Once the model gets trained in a supervised environment by taking a large set of samples and data which is preprocessed for computation in a distributed Message Passing Interface (MPI) that is the "MPI standard distributed communication framework for scientific and commercial parallel distributed computing applications". It is used to adjust the parameters of the machine- or deep-learning model through a 'training' or optimization procedure. Each and every message communication channel in Denial of Distributed services through MPI library implies that the inefficacy of the large high computing hardware available for the processing of the TF/s (teraflop every second) data is insufficient. Also an organized framework of a network system containing numerous computational nodes with a low-latency high-transmission capacity will be insignificant if the MPI execution is not done in an efficient manner or if the performance of the MPI execution is not optimum.

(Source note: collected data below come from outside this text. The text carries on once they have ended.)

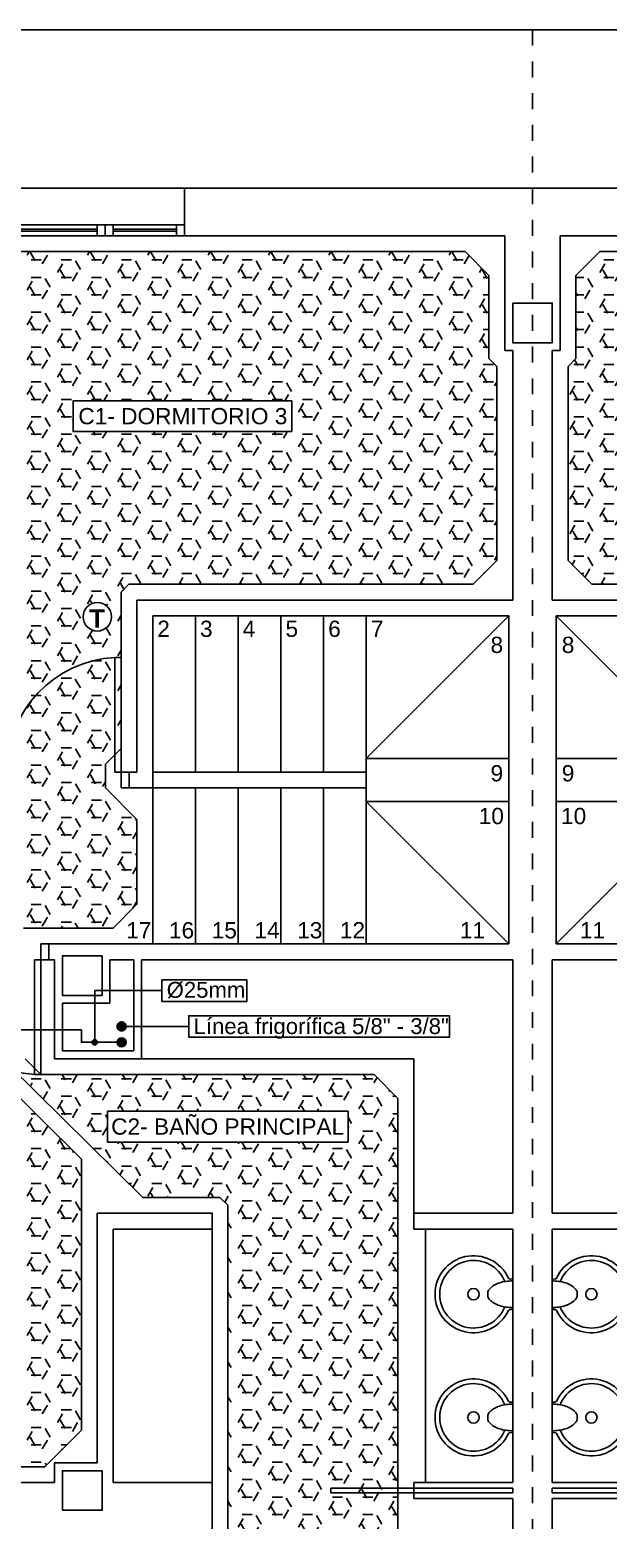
# Model space of a CAD drawing. Header units: millimetres. Extents: x 441156 to 441876, y 4514765 to 4515211.
# Drawn here: x 441611.83 to 441615.48, y 4515145.94 to 4515155.35 of the extents above; entities that cross this region are included whole.
import ezdxf
from ezdxf.enums import TextEntityAlignment as Align

# ---------------------------------------------------------------- set-up
doc = ezdxf.new("R2010")
doc.units = ezdxf.units.MM
for name, pattern in [('CONTINUA', [0]), ('HIDDEN', [0.375, 0.25, -0.125]), ('RAYITAS', [0.375, 0.25, -0.125])]:
    doc.linetypes.add(name, pattern=pattern)
doc.layers.add('01_cartela', color=6, linetype='Continuous', plot=False)
for name, color, linetype in [('01_mono PRIMERA', 2, 'Continuous'), ('01_proyección', 4, 'RAYITAS'), ('01_sanitarios', 250, 'Continuous'), ('01_textos', 7, 'Continuous'), ('INGIN CALEFACCION MAQUINAS', 7, 'Continuous'), ('INGIN CALEFACCION TUBERIAS', 89, 'Continuous'), ('INGIN CLIMATIZACION EQUIPOS', 7, 'Continuous'), ('INGIN CLIMATIZACION TEXTO', 7, 'Continuous'), ('SOMBRAS2', 250, 'Continuous')]:
    doc.layers.add(name, color=color, linetype=linetype)
doc.styles.add('NIEVES2', font='sanss___.ttf')
doc.styles.add('NIEVES3', font='swisseb.ttf')
pattern_1 = [(0, (34.55036, 0), (0, 0.1099852), [0.0635, -0.127]), (120, (34.55036, 0), (-0.0952499772403, -0.0549926), [0.0635, -0.127]), (60, (34.61386, 0), (-0.0952499772403, 0.0549926), [0.0635, -0.127])]

# ---------------------------------------------------------------- blocks, each defined once
blk = doc.blocks.new('A$C065C7C63')
at = {"layer": '01_mono PRIMERA', "color": 254}
for p, q in [((7.6572, 13.1, 0), (6.1572, 13.1, 0)), ((7.6572, 13.1, 0), (7.6572, 12.8, 0)), ((7.6572, 13.1, 0), (12.0572, 13.1, 0)), ((12.0572, 13.1, 0), (7.6572, 13.1, 0)), ((7.6572, 12.87, 0), (6.1572, 12.87, 0)), ((7.6572, 12.8, 0), (6.1572, 12.8, 0)), ((7.1072, 12.842, 0), (6.2072, 12.842, 0)), ((7.1072, 12.828, 0), (6.2072, 12.828, 0)), ((7.1072, 12.87, 0), (7.1072, 12.8, 0)), ((7.1572, 12.87, 0), (7.1572, 12.8, 0)), ((7.2072, 12.87, 0), (7.2072, 12.8, 0)), ((7.6072, 12.842, 0), (7.2072, 12.842, 0)), ((7.6072, 12.828, 0), (7.2072, 12.828, 0)), ((7.6072, 12.87, 0), (7.6072, 12.8, 0)), ((7.6572, 12.8, 0), (9.6822, 12.8, 0)), ((9.6822, 12.075, 0), (9.6822, 12.8, 0)), ((10.0322, 12.075, 0), (10.0322, 12.8, 0)), ((12.0572, 12.8, 0), (10.0322, 12.8, 0)), ((9.6822, 12.075, 0), (9.7322, 12.075, 0)), ((9.7322, 12.075, 0), (9.7322, 10.5, 0)), ((9.9822, 12.075, 0), (9.9822, 10.5, 0)), ((9.9822, 12.075, 0), (10.0322, 12.075, 0)), ((7.3572, 10.5, 0), (9.7322, 10.5, 0)), ((7.3572, 9.415, 0), (7.3572, 10.5, 0)), ((12.3572, 10.5, 0), (9.9822, 10.5, 0)), ((7.4572, 10.4, 0), (9.7072, 10.4, 0)), ((7.4572, 9.315, 0), (7.4572, 10.4, 0)), ((7.7272, 9.415, 0), (7.7272, 10.4, 0)), ((7.9972, 9.415, 0), (7.9972, 10.4, 0)), ((8.2672, 9.415, 0), (8.2672, 10.4, 0)), ((8.5372, 9.415, 0), (8.5372, 10.4, 0)), ((8.8072, 9.5, 0), (8.8072, 10.4, 0)), ((8.8072, 9.5, 0), (9.7072, 10.4, 0)), ((9.7072, 8.33, 0), (9.7072, 10.4, 0)), ((12.2572, 10.4, 0), (10.0072, 10.4, 0)), ((10.9072, 9.5, 0), (10.0072, 10.4, 0)), ((10.0072, 8.33, 0), (10.0072, 10.4, 0)), ((7.2586, 10.1388, 0), (7.2171, 10.1388, 0)), ((7.2171, 10.1388, 0), (7.2171, 9.415, 0)), ((7.2586, 10.1388, 0), (7.2586, 9.315, 0)), ((7.3086, 9.415, 0), (7.2171, 9.415, 0)), ((7.3572, 9.415, 0), (7.3086, 9.415, 0)), ((7.3086, 9.415, 0), (7.3086, 9.315, 0)), ((7.4572, 9.415, 0), (8.8072, 9.415, 0)), ((8.8072, 9.5, 0), (8.8072, 8.33, 0)), ((8.8072, 9.5, 0), (9.7072, 9.5, 0)), ((10.9072, 9.5, 0), (10.0072, 9.5, 0)), ((7.2586, 9.315, 0), (7.3086, 9.315, 0)), ((7.4572, 9.315, 0), (7.3085, 9.315, 0)), ((7.4572, 9.315, 0), (7.4572, 8.33, 0)), ((7.4572, 9.315, 0), (8.8072, 9.315, 0)), ((7.7272, 9.315, 0), (7.7272, 8.33, 0)), ((7.9972, 9.315, 0), (7.9972, 8.33, 0)), ((8.2672, 9.315, 0), (8.2672, 8.33, 0)), ((8.5372, 9.315, 0), (8.5372, 8.33, 0)), ((8.8072, 9.315, 0), (8.8072, 9.23, 0)), ((8.8072, 9.23, 0), (9.7072, 9.23, 0)), ((8.8072, 9.23, 0), (9.7072, 8.33, 0)), ((10.9072, 9.23, 0), (10.0072, 9.23, 0)), ((10.9072, 9.23, 0), (10.0072, 8.33, 0)), ((6.751, 7.5062, 0), (6.751, 8.33, 0)), ((6.751, 8.33, 0), (6.801, 8.33, 0)), ((9.7072, 8.33, 0), (6.801, 8.33, 0)), ((6.801, 8.23, 0), (6.801, 8.33, 0)), ((10.0072, 8.33, 0), (12.9135, 8.33, 0)), ((6.801, 8.23, 0), (6.7096, 8.23, 0)), ((6.7096, 7.5062, 0), (6.7096, 8.23, 0)), ((6.8372, 8.23, 0), (6.801, 8.23, 0)), ((6.8372, 8.23, 0), (6.8372, 7.605, 0)), ((7.3372, 8.23, 0), (7.1872, 8.23, 0)), ((7.1872, 8.23, -0.0001), (7.1872, 7.955, 0)), ((7.3372, 8.23, 0), (7.3372, 7.655, 0)), ((9.7322, 8.23, 0), (7.3872, 8.23, 0)), ((7.3872, 8.23, 0), (7.3872, 7.605, 0)), ((9.7322, 8.23, 0), (9.7322, 6.63, 0)), ((9.9822, 8.23, 0), (9.9822, 6.63, 0)), ((9.9822, 8.23, 0), (12.3272, 8.23, 0)), ((7.1872, 7.955, 0), (6.8872, 7.955, 0)), ((6.8872, 7.955, 0), (6.8872, 7.655, 0)), ((6.8872, 7.655, 0), (7.3372, 7.655, 0)), ((7.3872, 7.605, 0), (6.8372, 7.605, 0)), ((7.3872, 7.605, 0), (9.1072, 7.605, 0)), ((9.1072, 7.605, 0), (9.1072, 6.63, 0)), ((6.751, 7.5062, 0), (6.7096, 7.5062, 0)), ((7.1072, 6.63, 0), (7.8322, 6.63, 0)), ((7.8322, 6.53, 0), (7.8322, 6.63, 0)), ((9.1072, 6.63, 0), (9.7322, 6.63, 0)), ((9.1072, 6.53, 0), (9.1072, 6.63, 0)), ((10.6072, 6.63, 0), (9.9822, 6.63, 0)), ((7.2072, 6.53, 0), (7.2072, 4.93, 0)), ((7.2072, 6.53, 0), (7.8322, 6.53, 0)), ((7.8322, 6.53, 0), (7.8322, 4.93, 0)), ((9.1072, 6.53, 0), (9.7322, 6.53, 0)), ((9.1822, 6.53, 0), (9.1822, 4.93, 0)), ((9.7322, 6.53, 0), (9.7322, 4.93, 0)), ((9.9822, 6.53, 0), (9.9822, 4.93, 0)), ((9.9822, 6.53, 0), (9.9822, 4.93, 0)), ((10.6072, 6.53, 0), (9.9822, 6.53, 0)), ((9.7298, 6.2155, 0), (9.7154, 6.2147, 0)), ((9.7322, 6.2128, 0), (9.7322, 6.0248, 0)), ((9.9822, 6.2128, 0), (9.9822, 6.0248, 0)), ((9.9846, 6.2155, 0), (9.9991, 6.2147, 0)), ((9.5754, 6.1037, 0), (9.5753, 6.1339, 0)), ((10.139, 6.1037, 0), (10.1391, 6.1339, 0)), ((9.7298, 6.0221, 0), (9.7154, 6.0229, 0)), ((9.9846, 6.0221, 0), (9.9991, 6.0229, 0)), ((9.7298, 5.4379, 0), (9.7154, 5.4371, 0)), ((9.7322, 5.2472, 0), (9.7322, 5.4352, 0)), ((9.9822, 5.2472, 0), (9.9822, 5.4352, 0)), ((9.9846, 5.4379, 0), (9.9991, 5.4371, 0)), ((9.5754, 5.3563, 0), (9.5753, 5.3261, 0)), ((10.139, 5.3563, 0), (10.1391, 5.3261, 0)), ((9.7298, 5.2445, 0), (9.7154, 5.2453, 0)), ((9.9846, 5.2445, 0), (9.9991, 5.2453, 0)), ((6.8372, 4.93, 0), (6.4072, 4.93, 0)), ((7.8322, 4.93, 0), (7.2072, 4.93, 0)), ((7.8322, 4.93, 0), (7.8322, 4.05, 0)), ((9.1072, 4.93, 0), (9.7322, 4.93, 0)), ((9.1072, 4.93, 0), (9.1072, 4.8939, 0)), ((9.1072, 4.8939, 0), (9.1072, 4.866, 0)), ((10.6072, 4.93, 0), (9.9822, 4.93, 0)), ((9.1072, 4.866, 0), (9.1072, 4.83, 0)), ((9.1072, 4.83, 0), (9.7322, 4.83, 0)), ((9.7322, 4.83, 0), (9.7322, 3.3, 0)), ((9.9822, 4.83, 0), (9.9822, 3.3, 0)), ((10.6072, 4.83, 0), (9.9822, 4.83, 0))]:
    blk.add_line(p, q, dxfattribs=at)
for points in [[(9.7322, 12.375), (9.9822, 12.375), (9.9822, 12.125), (9.7322, 12.125), (9.7322, 12.375)], [(7.1371, 8.005), (6.8871, 8.005), (6.8871, 8.255), (7.1371, 8.255), (7.1371, 8.005)], [(6.8871, 4.755), (7.1371, 4.755), (7.1371, 5.005), (6.8871, 5.005), (6.8871, 4.755)]]:
    blk.add_lwpolyline(points, close=True, dxfattribs=at)
blk.add_lwpolyline([(7.1072, 6.63), (7.1072, 5.055), (6.8371, 5.055), (6.8371, 4.93)], dxfattribs=at)
at = {"layer": '01_mono PRIMERA', "color": 254, "elevation": 0}
for points in [[(8.5822, 4.8939), (9.7322, 4.8939), (9.7322, 4.866), (8.5822, 4.866)], [(11.1322, 4.8939), (9.9822, 4.8939), (9.9822, 4.866), (11.1322, 4.866)]]:
    blk.add_lwpolyline(points, close=True, dxfattribs=at)
at = {"layer": '01_mono PRIMERA', "color": 254}
for centre in [(9.4847, 6.1188, 0), (10.2297, 6.1188, 0), (9.4847, 5.3412, 0), (10.2297, 5.3412, 0)]:
    blk.add_circle(centre, 0.036, dxfattribs=at)
for centre, radius, start, end in [((7.2586, 9.415, 0), 0.725, 93.27583, 180), ((6.751, 8.23, 0), 0.725, 180, 266.72417), ((9.4847, 6.1188, 0), 0.243, 24.87491, 335.12509), ((9.4847, 6.1188, 0), 0.2133, 22.06562, 338.05639), ((10.2297, 6.1188, 0), 0.243, 204.87491, 155.12509), ((10.2297, 6.1188, 0), 0.2133, 201.94361, 157.93438), ((9.7162, 6.2275, 0), 0.0128, 210.52909, 266.21401), ((9.7295, 6.2128, 0), 0.0027, 360, 83.31595), ((9.9849, 6.2128, 0), 0.0027, 96.68405, 180), ((9.9982, 6.2275, 0), 0.0128, 273.78599, 329.47091), ((9.6228, 6.119, 0), 0.0498, 135.69557, 162.59035), ((9.6899, 6.0536, 0), 0.1435, 106.81645, 135.69557), ((9.7292, 5.9234, 0), 0.2795, 89.38301, 106.81645), ((9.9852, 5.9234, 0), 0.2795, 73.18355, 90.61699), ((10.0246, 6.0536, 0), 0.1435, 44.30443, 73.18355), ((10.0916, 6.119, 0), 0.0498, 17.40965, 44.30443), ((9.6228, 6.119, 0), 0.0498, 197.95324, 224.30443), ((9.6899, 6.1845, 0), 0.1435, 224.30443, 253.18355), ((9.7292, 6.3146, 0), 0.2795, 253.18355, 270.61699), ((9.7162, 6.0101, 0), 0.0128, 93.78599, 149.47091), ((9.7295, 6.0248, 0), 0.0027, 276.68405, 360), ((9.9852, 6.3146, 0), 0.2795, 269.38301, 286.81645), ((9.9849, 6.0248, 0), 0.0027, 180, 263.31595), ((9.9982, 6.0101, 0), 0.0128, 30.52909, 86.21401), ((10.0246, 6.1845, 0), 0.1435, 286.81645, 315.69557), ((10.0916, 6.119, 0), 0.0498, 315.69557, 342.04676), ((9.4847, 5.3412, 0), 0.243, 24.87491, 335.12509), ((9.4847, 5.3412, 0), 0.2133, 21.94361, 337.93438), ((10.2297, 5.3412, 0), 0.243, 204.87491, 155.12509), ((10.2297, 5.3412, 0), 0.2133, 202.06562, 158.05639), ((9.6228, 5.341, 0), 0.0498, 135.69557, 162.04676), ((9.6899, 5.2755, 0), 0.1435, 106.81645, 135.69557), ((9.7292, 5.1453, 0), 0.2795, 89.38301, 106.81645), ((9.7162, 5.4499, 0), 0.0128, 210.52909, 266.21401), ((9.7295, 5.4352, 0), 0.0027, 0, 83.31595), ((9.9849, 5.4352, 0), 0.0027, 96.68405, 180), ((9.9852, 5.1453, 0), 0.2795, 73.18355, 90.61699), ((9.9982, 5.4499, 0), 0.0128, 273.78599, 329.47091), ((10.0246, 5.2755, 0), 0.1435, 44.30443, 73.18355), ((10.0916, 5.341, 0), 0.0498, 17.95324, 44.30443), ((9.6228, 5.341, 0), 0.0498, 197.40965, 224.30443), ((9.6899, 5.4064, 0), 0.1435, 224.30443, 253.18355), ((9.7292, 5.5366, 0), 0.2795, 253.18355, 270.61699), ((9.9852, 5.5366, 0), 0.2795, 269.38301, 286.81645), ((10.0246, 5.4064, 0), 0.1435, 286.81645, 315.69557), ((10.0916, 5.341, 0), 0.0498, 315.69557, 342.59035), ((9.7162, 5.2325, 0), 0.0128, 93.78599, 149.47091), ((9.7295, 5.2472, 0), 0.0027, 276.68405, 0), ((9.9849, 5.2472, 0), 0.0027, 180, 263.31595), ((9.9982, 5.2325, 0), 0.0128, 30.52909, 86.21401)]:
    blk.add_arc(centre, radius, start, end, dxfattribs=at)
at = {"layer": '01_mono PRIMERA', "color": 254, "style": 'NIEVES2'}
for s, height, p in [('2', 0.1026, (7.5261, 10.2678, 0)), ('3', 0.1026, (7.7961, 10.2678, 0)), ('4', 0.1026, (8.0661, 10.2678, 0)), ('5', 0.1026, (8.3361, 10.2678, 0)), ('6', 0.1026, (8.6061, 10.2678, 0)), ('7', 0.1026, (8.8761, 10.2678, 0)), ('8', 0.1026, (9.6321, 10.1664, 0)), ('8', 0.1026, (10.0823, 10.1664, 0)), ('9', 0.1026, (9.6321, 9.3561, 0)), ('9', 0.1026, (10.0823, 9.3561, 0)), ('10', 0.10256, (9.5971, 9.0861, 0)), ('10', 0.10256, (10.1173, 9.0861, 0)), ('17', 0.10256, (7.3697, 8.365, 0)), ('16', 0.10256, (7.6397, 8.365, 0)), ('15', 0.10256, (7.9097, 8.365, 0)), ('14', 0.10256, (8.1797, 8.365, 0)), ('13', 0.10256, (8.4497, 8.365, 0)), ('12', 0.10256, (8.7197, 8.365, 0)), ('11', 0.10256, (9.478, 8.365, 0)), ('11', 0.10256, (10.2364, 8.365, 0))]:
    blk.add_text(s, height=height, dxfattribs=at).set_placement(p, align=Align.CENTER)

msp = doc.modelspace()

# ---------------------------------------------------------------- hatches: boundary and pattern name
at = {"layer": '01_sanitarios', "linetype": 'CONTINUA'}
h = msp.add_hatch(dxfattribs=at)
h.set_pattern_fill('HEX', color=254, scale=0.02, style=0)
h.set_pattern_definition(pattern_1)
h.paths.add_polyline_path([(441612.45409768, 4515151.84750872), (441614.62909786, 4515151.84750872), (441614.77909786, 4515151.99750872), (441614.77909786, 4515153.22250854), (441614.72909769, 4515153.27250872), (441614.72909769, 4515153.79750872), (441614.57909769, 4515153.94750872), (441611.02909768, 4515153.94750872), (441610.87909768, 4515153.79750872), (441610.87909768, 4515153.32250872), (441610.62909768, 4515153.07250872), (441610.62909768, 4515150.91250872), (441610.77909768, 4515150.76250872), (441611.73041541, 4515150.76250872), (441611.78041541, 4515150.71250872), (441611.78041541, 4515150.51250872), (441611.73041541, 4515150.46250872), (441611.08159191, 4515150.46250872), (441610.69659191, 4515150.07750872), (441611.38855149, 4515150.07750872), (441611.78855149, 4515149.67750872), (441612.35409768, 4515149.67750872), (441612.50409768, 4515149.82750872), (441612.50409768, 4515150.3638503), (441612.30543926, 4515150.56250872), (441612.30543926, 4515150.71250872), (441612.40409768, 4515150.81116713), (441612.40409768, 4515151.79750872)])
h.paths.add_polyline_path([(441612.34421793, 4515151.64255132, -1), (441612.16397743, 4515151.64255132, -1)], flags=16)
h.paths.add_polyline_path([(441612.10038208, 4515152.81097959), (441612.10038208, 4515153.0051574), (441613.4831113, 4515153.0051574), (441613.4831113, 4515152.81097959)], flags=16)
h.paths.add_polyline_path([(441612.17312073, 4515151.50658748), (441612.33889669, 4515151.50658748), (441612.33889669, 4515151.75566205), (441612.17312073, 4515151.75566205)], flags=24)
h.paths.add_polyline_path([(441612.11896718, 4515152.82748868), (441613.47019998, 4515152.82748868), (441613.47019998, 4515152.98850548), (441612.11896718, 4515152.98850548)], flags=8)
h = msp.add_hatch(dxfattribs=at)
h.set_pattern_fill('HEX', color=254, scale=0.02, style=0)
h.set_pattern_definition(pattern_1)
h.paths.add_polyline_path([(441617.55409805, 4515151.84750872), (441615.37909786, 4515151.84750872), (441615.22909786, 4515151.99750872), (441615.22909786, 4515153.22250854), (441615.27909804, 4515153.27250872), (441615.27909804, 4515153.79750872), (441615.42909804, 4515153.94750872), (441618.97909805, 4515153.94750872), (441619.12909805, 4515153.79750872), (441619.12909805, 4515153.32250872), (441619.37909805, 4515153.07250872), (441619.37909805, 4515150.91250872), (441619.22909805, 4515150.76250872), (441618.27778031, 4515150.76250872), (441618.22778031, 4515150.71250872), (441618.22778031, 4515150.51250872), (441618.27778031, 4515150.46250872), (441618.92660381, 4515150.46250872), (441619.31160382, 4515150.07750872), (441618.61964423, 4515150.07750872), (441618.21964423, 4515149.67750872), (441617.65409805, 4515149.67750872), (441617.50409805, 4515149.82750872), (441617.50409805, 4515150.3638503), (441617.70275646, 4515150.56250872), (441617.70275646, 4515150.71250872), (441617.60409805, 4515150.81116713), (441617.60409805, 4515151.79750872)])
h.paths.add_polyline_path([(441617.66397779, 4515151.64255132, 1), (441617.8442183, 4515151.64255132, 1)], flags=16)
h.paths.add_polyline_path([(441617.90781364, 4515152.81097959), (441617.90781364, 4515153.0051574), (441616.52508442, 4515153.0051574), (441616.52508442, 4515152.81097959)], flags=16)
h.paths.add_polyline_path([(441617.83507499, 4515151.50658748), (441617.66929903, 4515151.50658748), (441617.66929903, 4515151.75566205), (441617.83507499, 4515151.75566205)], flags=24)
h.paths.add_polyline_path([(441617.88922854, 4515152.82748868), (441616.53799575, 4515152.82748868), (441616.53799575, 4515152.98850548), (441617.88922854, 4515152.98850548)], flags=8)
h = msp.add_hatch(dxfattribs=at)
h.set_pattern_fill('HEX', color=254, scale=0.02, style=0)
h.set_pattern_definition(pattern_1)
h.paths.add_polyline_path([(441612.15409768, 4515148.2193248), (441611.59786607, 4515148.76896707), (441611.59786607, 4515149.03417058), (441611.18409768, 4515149.03417058), (441611.18409768, 4515148.80250872), (441611.13409768, 4515148.75250872), (441607.70409768, 4515148.75250872), (441607.55409768, 4515148.60250872), (441607.55409768, 4515146.42750248), (441607.70409768, 4515146.27750248), (441611.92254859, 4515146.27750248), (441612.15409768, 4515146.50905157)])
h.paths.add_polyline_path([(441610.0823776, 4515147.61811037), (441610.0823776, 4515147.42393255), (441608.04821092, 4515147.42393255), (441608.04821092, 4515147.61811037)], flags=16)
h.paths.add_polyline_path([(441610.80725441, 4515148.60250872, -1), (441610.98749492, 4515148.60250872, -1)], flags=16)
h.paths.add_polyline_path([(441610.81639772, 4515148.46654487), (441610.98217368, 4515148.46654487), (441610.98217368, 4515148.71561944), (441610.81639772, 4515148.71561944)], flags=24)
h.paths.add_polyline_path([(441608.05545621, 4515147.44044164), (441610.07115592, 4515147.44044164), (441610.07115592, 4515147.60145845), (441608.05545621, 4515147.60145845)], flags=8)
h = msp.add_hatch(dxfattribs=at)
h.set_pattern_fill('HEX', color=254, scale=0.02, style=0)
h.set_pattern_definition(pattern_1)
h.paths.add_polyline_path([(441614.15409768, 4515148.60250872), (441614.00409768, 4515148.75250872), (441611.89906491, 4515148.75250872), (441611.79786607, 4515148.85250872), (441611.79786607, 4515149.03417058), (441611.69786607, 4515149.03417058), (441611.69786607, 4515148.81073789), (441612.54108434, 4515147.97750872), (441613.02909768, 4515147.97750872), (441613.07909768, 4515147.92750872), (441613.07909768, 4515145.54750872), (441613.22909768, 4515145.39750872), (441614.00409768, 4515145.39750872), (441614.15409768, 4515145.54750872)])
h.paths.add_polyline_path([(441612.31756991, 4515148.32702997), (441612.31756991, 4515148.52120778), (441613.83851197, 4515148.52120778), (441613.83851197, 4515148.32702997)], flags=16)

In the first paper, "A Comparative Analysis of Requirement Gathering Techniques", by Babangida Zachariah and Ogwueleka Francisca Nonyelum, requirement elicitation as a concept of requirement engineering essentially describes the process of requirement gathering for the purpose of establishing end users' and stakeholders' system requirement. Effective gathering remains a fundamental prerequisite for developing and implementing successful systems. Though different requirement gathering techniques are available, no single technique serves for all peculiarities of (or parameters associated with) a system; therefore a combination of different techniques becomes a necessity. This paper presents possible combinations of techniques when considering system characteristics against system analyst's requirement elicitation experience level, analyst's system domain knowledge, stakeholders' articulacy level and stakeholders' availability, all of which are fundamental for effective requirement gathering and information against participant (analyst and stakeholders) characteristics in terms of experience and physical location. It was discovered that collaborative techniques of requirement gathering are mostly used and have the potential to be the most used technique in the future following the advances in technology. Therefore, analysts may consider developing these skills and become highly experienced with these techniques.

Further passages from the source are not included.